This Article is From Nov 10, 2018

Notes Ban, GST Held Back India's Economic Growth: Raghuram Rajan

Addressing an audience at the University of California in Berkley on Friday, Mr Rajan said for four years -- 2012 to 2016 -- India was growing at a faster pace before it was hit by two major headwinds.

Notes Ban, GST Held Back India's Economic Growth: Raghuram Rajan

Raghuram Rajan said India is sensitive to global growth (File)

Highlights

  • Mr Rajan said current growth is not enough to meet the country's needs
  • He said in 2017 even as the world picked up, India's growth went down
  • On NPA, he said that best thing to do in such a situation is to clean up
Washington:

Demonetisation and the Goods and Services Tax (GST) are the two major headwinds that held back India's economic growth last year, former RBI Governor Raghuram Rajan has said, asserting that the current seven per cent growth rate is not enough to meet the country's needs.

Addressing an audience at the University of California in Berkley on Friday, Mr Rajan said for four years -- 2012 to 2016 -- India was growing at a faster pace before it was hit by two major headwinds.

"The two successive shocks of demonetisation and the GST had a serious impact on growth in India. Growth has fallen off interestingly at a time when growth in the global economy has been peaking up," he said delivering the second Bhattacharya Lectureship on the Future of India.

A growth rate of seven per cent per year for 25 years is "very very strong" growth, but in some sense this has become the new Hindu rate of growth, which earlier used to be three-and-a-half per cent, Mr Rajan said.

"The reality is that seven is not enough for the kind of people coming into the labour market and we need jobs for them, so, we need more and cannot be satisfied at this level," he said.

Observing that India is sensitive to global growth, he said India has become a much more open economy, and if the world grows, it also grows more.

"What happened in 2017 is that even as the world picked up, India went down. That reflects the fact that these blows (demonetisation and GST) have really really been hard blows...Because of these headwinds we have been held back," he said.

While India's growth is picking up again, there is the issue of oil prices, the economist noted referring to the huge reliance of India on import of oil for its energy needs.

With the oil prices going up, Mr Rajan said things are going to be little tougher for the Indian economy, even though the country is recovering from the headwinds of demonetisation and initial hurdles in the implementation of the GST.

Commenting on the rising Non-Performing Assets (NPA), he said the best thing to do in such a situation is to "clean up".

It is essential to "deal up with the bad stuff", so that with clean balance sheets, banks can be put back on the track. "It has taken India far long to clean up the banks, partly because the system did not had instruments to deal with bad debts," Mr Rajan said.

The bankruptcy code, he asserted, cannot be the only way to clean up the banks. It is the only one element of the larger cleanup plan, he said and called for a multi-prong approach to address the challenge of NPAs in India.

India, he asserted, is capable of a strong growth. As such the seven per cent growth is now being taken granted.

"If we go below seven per cent, then we must be doing something wrong," he said adding that that is the base on which India has to grow at least for next 10-15 years.

India, he said, needs to create one million jobs a month for the people joining the labour force.

The country today is facing three major bottlenecks. One is the torn infrastructure, he said, observing that construction is the one industry that drives the economy in early stages. "Infrastructure creates growth," he said. Second, short term target should be to clean up the power sector and to make sure that the electricity produced actually goes to the people who want the power, he said.

Cleaning up the banks is the third major bottleneck in India's growth, he said.

Part of the problem in India is that there is an excessive centralisation of power in the political decision making, he said.

"India can't work from the centre. India works when you have many people taking up the burden. And today the central government is excessively centralised," Mr Rajan said.

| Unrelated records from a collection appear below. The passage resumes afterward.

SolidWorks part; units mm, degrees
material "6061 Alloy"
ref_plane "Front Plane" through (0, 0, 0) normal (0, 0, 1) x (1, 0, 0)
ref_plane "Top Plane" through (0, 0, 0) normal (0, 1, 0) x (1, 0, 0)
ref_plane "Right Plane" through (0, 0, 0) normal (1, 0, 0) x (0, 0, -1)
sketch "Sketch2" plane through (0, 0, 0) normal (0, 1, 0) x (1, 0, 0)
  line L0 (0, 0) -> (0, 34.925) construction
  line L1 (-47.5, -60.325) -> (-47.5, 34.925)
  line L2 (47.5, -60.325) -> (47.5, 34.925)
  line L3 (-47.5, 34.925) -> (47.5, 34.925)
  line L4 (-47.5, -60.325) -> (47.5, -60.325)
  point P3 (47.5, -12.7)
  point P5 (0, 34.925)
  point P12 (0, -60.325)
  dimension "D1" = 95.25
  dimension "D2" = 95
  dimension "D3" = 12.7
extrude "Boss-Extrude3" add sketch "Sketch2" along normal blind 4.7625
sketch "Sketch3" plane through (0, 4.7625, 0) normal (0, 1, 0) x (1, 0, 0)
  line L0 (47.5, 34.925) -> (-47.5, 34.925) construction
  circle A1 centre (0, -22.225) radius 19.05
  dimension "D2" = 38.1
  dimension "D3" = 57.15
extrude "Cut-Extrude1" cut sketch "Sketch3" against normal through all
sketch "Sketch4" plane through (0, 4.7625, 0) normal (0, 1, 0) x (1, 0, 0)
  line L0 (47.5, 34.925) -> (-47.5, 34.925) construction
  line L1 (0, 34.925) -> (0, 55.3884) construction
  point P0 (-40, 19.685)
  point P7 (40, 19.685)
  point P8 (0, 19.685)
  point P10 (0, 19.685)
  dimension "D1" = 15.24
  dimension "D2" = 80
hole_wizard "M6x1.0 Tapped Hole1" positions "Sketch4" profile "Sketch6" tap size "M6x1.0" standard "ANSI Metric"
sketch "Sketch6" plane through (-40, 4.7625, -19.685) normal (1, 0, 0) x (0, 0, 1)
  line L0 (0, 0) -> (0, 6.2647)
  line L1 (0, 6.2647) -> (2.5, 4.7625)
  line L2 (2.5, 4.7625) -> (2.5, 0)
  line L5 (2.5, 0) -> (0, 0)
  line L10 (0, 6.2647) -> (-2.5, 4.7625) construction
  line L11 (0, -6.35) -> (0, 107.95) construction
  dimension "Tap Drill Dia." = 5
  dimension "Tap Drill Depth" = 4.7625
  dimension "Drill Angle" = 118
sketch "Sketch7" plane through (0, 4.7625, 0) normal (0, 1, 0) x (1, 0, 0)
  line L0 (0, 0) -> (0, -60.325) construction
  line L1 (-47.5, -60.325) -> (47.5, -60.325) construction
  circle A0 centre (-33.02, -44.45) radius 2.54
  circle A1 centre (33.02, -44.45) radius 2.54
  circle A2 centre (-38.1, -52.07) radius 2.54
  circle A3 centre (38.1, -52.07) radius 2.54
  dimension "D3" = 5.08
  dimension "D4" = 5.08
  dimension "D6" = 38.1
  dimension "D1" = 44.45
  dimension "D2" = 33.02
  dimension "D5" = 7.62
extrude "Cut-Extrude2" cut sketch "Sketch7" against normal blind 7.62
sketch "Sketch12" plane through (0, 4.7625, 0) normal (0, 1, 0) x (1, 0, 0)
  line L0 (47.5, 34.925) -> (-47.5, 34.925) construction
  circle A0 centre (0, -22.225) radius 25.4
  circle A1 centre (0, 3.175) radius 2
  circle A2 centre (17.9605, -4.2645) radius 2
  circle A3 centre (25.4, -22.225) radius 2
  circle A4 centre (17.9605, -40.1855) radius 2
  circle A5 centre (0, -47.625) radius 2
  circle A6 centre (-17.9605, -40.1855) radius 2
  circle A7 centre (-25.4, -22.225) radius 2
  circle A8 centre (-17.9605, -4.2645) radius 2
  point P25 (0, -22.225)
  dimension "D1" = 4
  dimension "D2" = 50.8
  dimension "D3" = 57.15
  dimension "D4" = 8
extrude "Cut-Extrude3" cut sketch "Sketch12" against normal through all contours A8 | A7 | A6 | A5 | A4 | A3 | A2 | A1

An example of this is the quantum of decisions that requires the ascent of the Prime Minister's Office, he said, amidst mounting tension between the Reserve Bank and the finance ministry.

The RBI led by Governor Urjit Patel and the government have not been on the same page on different issues for some months now. The disagreements came out in open when RBI Deputy Governor Viral Acharya in a hard-hitting speech said failure to defend the central bank's independence would "incur the wrath of the financial markets".

It later emerged that the government had used a never-before-used provision of the law to seek resolution of issues, including the easing of NPA norms, so that banks can kick-start lending and support growth, and transferring more dividend to boost liquidity -- issues which the central bank thinks cannot be relented.